Let’s see. A powerful congressman threatens specifically named justices with an unspecified price if they continue to make decisions that he does not agree with, even though they have every legal right to make those decisions.

Are we serious that this is NOT a violation of the law, a violation of the separation of powers?

If this happened in another country, we would threaten to impose sanctions. Congress has a legal method to follow if they disagree with the courts, legislate, write an appropriate law.

MORE NEWS: Donald Trump Was Unopposed in Texas’ Primary and Still Got Over 1.8 Million Votes

How does the left react to Justice John Roberts slamming Sen. Chuck Schumer’s threats? They immediately try to turn it around on the judge, saying he’s playing sides. I’m pretty sure Chief Justice Roberts was also the deciding vote on Obamacare.
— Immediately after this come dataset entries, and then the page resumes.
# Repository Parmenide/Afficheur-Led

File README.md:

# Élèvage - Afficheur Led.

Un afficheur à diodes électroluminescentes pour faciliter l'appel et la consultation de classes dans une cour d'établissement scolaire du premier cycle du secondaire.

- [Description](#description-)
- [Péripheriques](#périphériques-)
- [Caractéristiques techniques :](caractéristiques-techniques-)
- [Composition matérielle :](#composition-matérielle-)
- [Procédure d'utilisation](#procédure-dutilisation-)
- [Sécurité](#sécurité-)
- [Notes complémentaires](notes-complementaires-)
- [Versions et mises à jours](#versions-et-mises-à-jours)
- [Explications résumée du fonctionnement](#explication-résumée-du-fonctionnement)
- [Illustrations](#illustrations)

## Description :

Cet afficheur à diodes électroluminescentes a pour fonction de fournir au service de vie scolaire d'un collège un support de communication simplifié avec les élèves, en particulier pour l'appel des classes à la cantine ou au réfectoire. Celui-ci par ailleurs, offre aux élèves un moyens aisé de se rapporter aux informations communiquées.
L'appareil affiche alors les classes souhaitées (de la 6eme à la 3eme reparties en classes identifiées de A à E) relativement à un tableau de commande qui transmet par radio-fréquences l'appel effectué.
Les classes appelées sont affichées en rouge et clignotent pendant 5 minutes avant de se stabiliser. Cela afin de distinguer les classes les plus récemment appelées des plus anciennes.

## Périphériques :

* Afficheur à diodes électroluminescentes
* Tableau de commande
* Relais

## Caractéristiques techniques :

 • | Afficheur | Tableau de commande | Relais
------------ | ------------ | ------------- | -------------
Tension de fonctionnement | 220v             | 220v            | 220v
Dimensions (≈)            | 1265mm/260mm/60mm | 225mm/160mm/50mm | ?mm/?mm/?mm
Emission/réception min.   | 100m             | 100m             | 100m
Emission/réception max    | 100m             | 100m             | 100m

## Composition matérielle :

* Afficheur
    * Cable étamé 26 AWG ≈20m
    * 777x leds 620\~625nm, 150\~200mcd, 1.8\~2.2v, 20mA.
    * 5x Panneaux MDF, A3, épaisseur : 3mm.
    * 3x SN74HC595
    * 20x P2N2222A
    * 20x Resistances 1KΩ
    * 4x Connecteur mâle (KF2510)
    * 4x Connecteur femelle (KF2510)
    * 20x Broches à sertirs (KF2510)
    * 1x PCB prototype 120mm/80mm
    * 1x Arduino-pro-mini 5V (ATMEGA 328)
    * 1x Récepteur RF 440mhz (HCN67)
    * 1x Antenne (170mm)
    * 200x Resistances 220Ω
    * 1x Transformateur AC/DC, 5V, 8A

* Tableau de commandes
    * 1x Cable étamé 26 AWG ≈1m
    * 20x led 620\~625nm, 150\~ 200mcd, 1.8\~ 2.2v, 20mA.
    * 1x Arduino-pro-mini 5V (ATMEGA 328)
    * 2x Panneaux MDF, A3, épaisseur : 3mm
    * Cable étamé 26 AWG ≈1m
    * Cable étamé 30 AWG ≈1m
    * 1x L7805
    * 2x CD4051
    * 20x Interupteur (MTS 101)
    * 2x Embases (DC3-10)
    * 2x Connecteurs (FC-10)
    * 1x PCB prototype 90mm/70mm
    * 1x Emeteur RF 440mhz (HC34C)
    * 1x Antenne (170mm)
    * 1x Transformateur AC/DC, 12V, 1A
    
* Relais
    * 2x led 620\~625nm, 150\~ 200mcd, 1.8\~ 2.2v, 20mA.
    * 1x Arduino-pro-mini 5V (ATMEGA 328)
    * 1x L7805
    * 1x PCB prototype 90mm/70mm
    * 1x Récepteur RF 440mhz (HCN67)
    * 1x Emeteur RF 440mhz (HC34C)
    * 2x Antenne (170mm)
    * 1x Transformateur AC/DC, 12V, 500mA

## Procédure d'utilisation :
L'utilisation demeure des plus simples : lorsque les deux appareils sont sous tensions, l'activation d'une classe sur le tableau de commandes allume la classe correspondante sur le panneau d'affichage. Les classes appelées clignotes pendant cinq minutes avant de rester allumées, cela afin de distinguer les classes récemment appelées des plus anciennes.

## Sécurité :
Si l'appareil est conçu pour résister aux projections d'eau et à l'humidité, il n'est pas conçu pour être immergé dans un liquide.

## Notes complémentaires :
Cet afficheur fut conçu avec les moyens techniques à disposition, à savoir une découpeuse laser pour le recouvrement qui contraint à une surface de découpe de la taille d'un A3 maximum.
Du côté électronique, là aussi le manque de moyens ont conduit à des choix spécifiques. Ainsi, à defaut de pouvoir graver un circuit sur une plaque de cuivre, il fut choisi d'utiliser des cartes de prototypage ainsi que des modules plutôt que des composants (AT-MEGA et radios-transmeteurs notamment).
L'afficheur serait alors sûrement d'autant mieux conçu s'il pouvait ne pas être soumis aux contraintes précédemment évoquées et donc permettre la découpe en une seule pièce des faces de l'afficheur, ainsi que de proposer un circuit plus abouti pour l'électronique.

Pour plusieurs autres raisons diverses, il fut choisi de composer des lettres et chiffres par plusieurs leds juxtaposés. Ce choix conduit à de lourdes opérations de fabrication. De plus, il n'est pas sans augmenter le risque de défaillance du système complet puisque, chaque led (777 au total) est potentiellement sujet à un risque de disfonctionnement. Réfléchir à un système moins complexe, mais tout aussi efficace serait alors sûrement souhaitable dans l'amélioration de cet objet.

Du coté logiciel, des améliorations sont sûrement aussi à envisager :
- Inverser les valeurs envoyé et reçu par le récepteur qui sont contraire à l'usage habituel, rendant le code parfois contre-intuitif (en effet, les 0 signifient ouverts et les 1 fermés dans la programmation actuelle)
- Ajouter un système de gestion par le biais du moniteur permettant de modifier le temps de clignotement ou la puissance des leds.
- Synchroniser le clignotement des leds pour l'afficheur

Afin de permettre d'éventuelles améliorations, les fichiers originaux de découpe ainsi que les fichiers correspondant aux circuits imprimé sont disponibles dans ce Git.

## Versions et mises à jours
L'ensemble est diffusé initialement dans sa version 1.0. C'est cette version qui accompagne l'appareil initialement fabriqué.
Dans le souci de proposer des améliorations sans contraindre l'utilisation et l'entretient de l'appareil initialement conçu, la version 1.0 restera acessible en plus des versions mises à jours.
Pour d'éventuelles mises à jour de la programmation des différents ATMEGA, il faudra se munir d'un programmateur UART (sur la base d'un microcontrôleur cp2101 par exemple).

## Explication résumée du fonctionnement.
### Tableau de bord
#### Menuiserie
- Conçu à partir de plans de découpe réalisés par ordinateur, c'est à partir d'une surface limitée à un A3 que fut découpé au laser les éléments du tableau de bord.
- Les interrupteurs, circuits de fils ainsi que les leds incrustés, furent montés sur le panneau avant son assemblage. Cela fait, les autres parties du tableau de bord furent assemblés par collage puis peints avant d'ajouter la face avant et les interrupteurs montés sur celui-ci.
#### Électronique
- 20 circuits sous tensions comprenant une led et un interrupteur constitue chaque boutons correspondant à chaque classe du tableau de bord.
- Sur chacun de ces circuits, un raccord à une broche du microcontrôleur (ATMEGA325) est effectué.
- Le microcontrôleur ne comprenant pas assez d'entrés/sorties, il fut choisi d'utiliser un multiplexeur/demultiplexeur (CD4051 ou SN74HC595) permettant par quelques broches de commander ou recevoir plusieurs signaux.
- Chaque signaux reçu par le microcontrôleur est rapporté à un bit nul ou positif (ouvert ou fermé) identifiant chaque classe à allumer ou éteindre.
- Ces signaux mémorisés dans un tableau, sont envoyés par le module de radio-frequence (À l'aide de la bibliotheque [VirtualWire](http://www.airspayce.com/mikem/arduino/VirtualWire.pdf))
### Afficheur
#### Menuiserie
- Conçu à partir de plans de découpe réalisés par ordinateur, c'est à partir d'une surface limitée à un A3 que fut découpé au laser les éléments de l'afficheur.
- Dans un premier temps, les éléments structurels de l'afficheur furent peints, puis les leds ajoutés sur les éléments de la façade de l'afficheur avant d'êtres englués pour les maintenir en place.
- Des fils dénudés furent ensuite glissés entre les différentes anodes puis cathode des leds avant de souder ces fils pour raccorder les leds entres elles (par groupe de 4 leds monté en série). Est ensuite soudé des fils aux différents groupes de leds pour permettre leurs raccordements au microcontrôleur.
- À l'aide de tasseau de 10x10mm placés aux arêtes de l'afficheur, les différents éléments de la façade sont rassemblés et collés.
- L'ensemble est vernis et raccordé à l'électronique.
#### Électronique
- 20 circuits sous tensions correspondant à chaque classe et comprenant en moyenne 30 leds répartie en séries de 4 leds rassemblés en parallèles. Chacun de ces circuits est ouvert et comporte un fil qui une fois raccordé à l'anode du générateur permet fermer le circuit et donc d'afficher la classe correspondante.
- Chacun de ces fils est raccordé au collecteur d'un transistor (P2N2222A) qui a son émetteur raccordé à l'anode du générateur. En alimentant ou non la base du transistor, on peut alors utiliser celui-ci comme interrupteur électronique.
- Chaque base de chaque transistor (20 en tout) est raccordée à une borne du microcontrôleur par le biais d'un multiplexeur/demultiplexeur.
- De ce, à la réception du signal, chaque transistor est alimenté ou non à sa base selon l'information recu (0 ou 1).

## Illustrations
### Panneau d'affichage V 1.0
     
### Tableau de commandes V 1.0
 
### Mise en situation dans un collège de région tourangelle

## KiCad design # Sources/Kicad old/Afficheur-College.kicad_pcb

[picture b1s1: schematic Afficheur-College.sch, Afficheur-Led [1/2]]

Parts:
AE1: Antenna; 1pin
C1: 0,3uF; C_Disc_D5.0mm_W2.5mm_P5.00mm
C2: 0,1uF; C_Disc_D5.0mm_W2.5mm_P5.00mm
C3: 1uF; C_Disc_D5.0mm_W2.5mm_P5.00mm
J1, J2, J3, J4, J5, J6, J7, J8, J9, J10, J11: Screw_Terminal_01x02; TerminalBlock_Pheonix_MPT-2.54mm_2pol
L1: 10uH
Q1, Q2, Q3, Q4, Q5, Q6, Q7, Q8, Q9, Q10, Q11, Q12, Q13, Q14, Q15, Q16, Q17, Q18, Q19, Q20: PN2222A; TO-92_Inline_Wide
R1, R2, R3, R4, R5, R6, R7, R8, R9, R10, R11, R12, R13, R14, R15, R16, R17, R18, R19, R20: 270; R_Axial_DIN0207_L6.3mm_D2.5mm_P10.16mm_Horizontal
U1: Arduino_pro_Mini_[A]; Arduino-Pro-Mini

The left only let you speak if in agreement.

If Trump or a Republican senator said that about the liberal justices, Schumer would be howling, and so would the handmaiden media. Schumer then attempted to correct himself by saying, “It was a reference to the political price Senate Republicans will pay for putting these justices on the court, and a warning the justices will unleash a major grassroots movement on the issue of reproductive rights against the decision.”

But the video clearly shows him speaking directly to Justices Kavanaugh and Gorsuch. The House Ethics Committee should investigate his actions.

Exactly what political price is that Chuckie? Are you going to impeach Supreme Court Justices for following their interpretation of the Constitution? What you said was a threat and if President Trump made that same statement to the liberal justices; you can sure bet there would be another impeachment attempt.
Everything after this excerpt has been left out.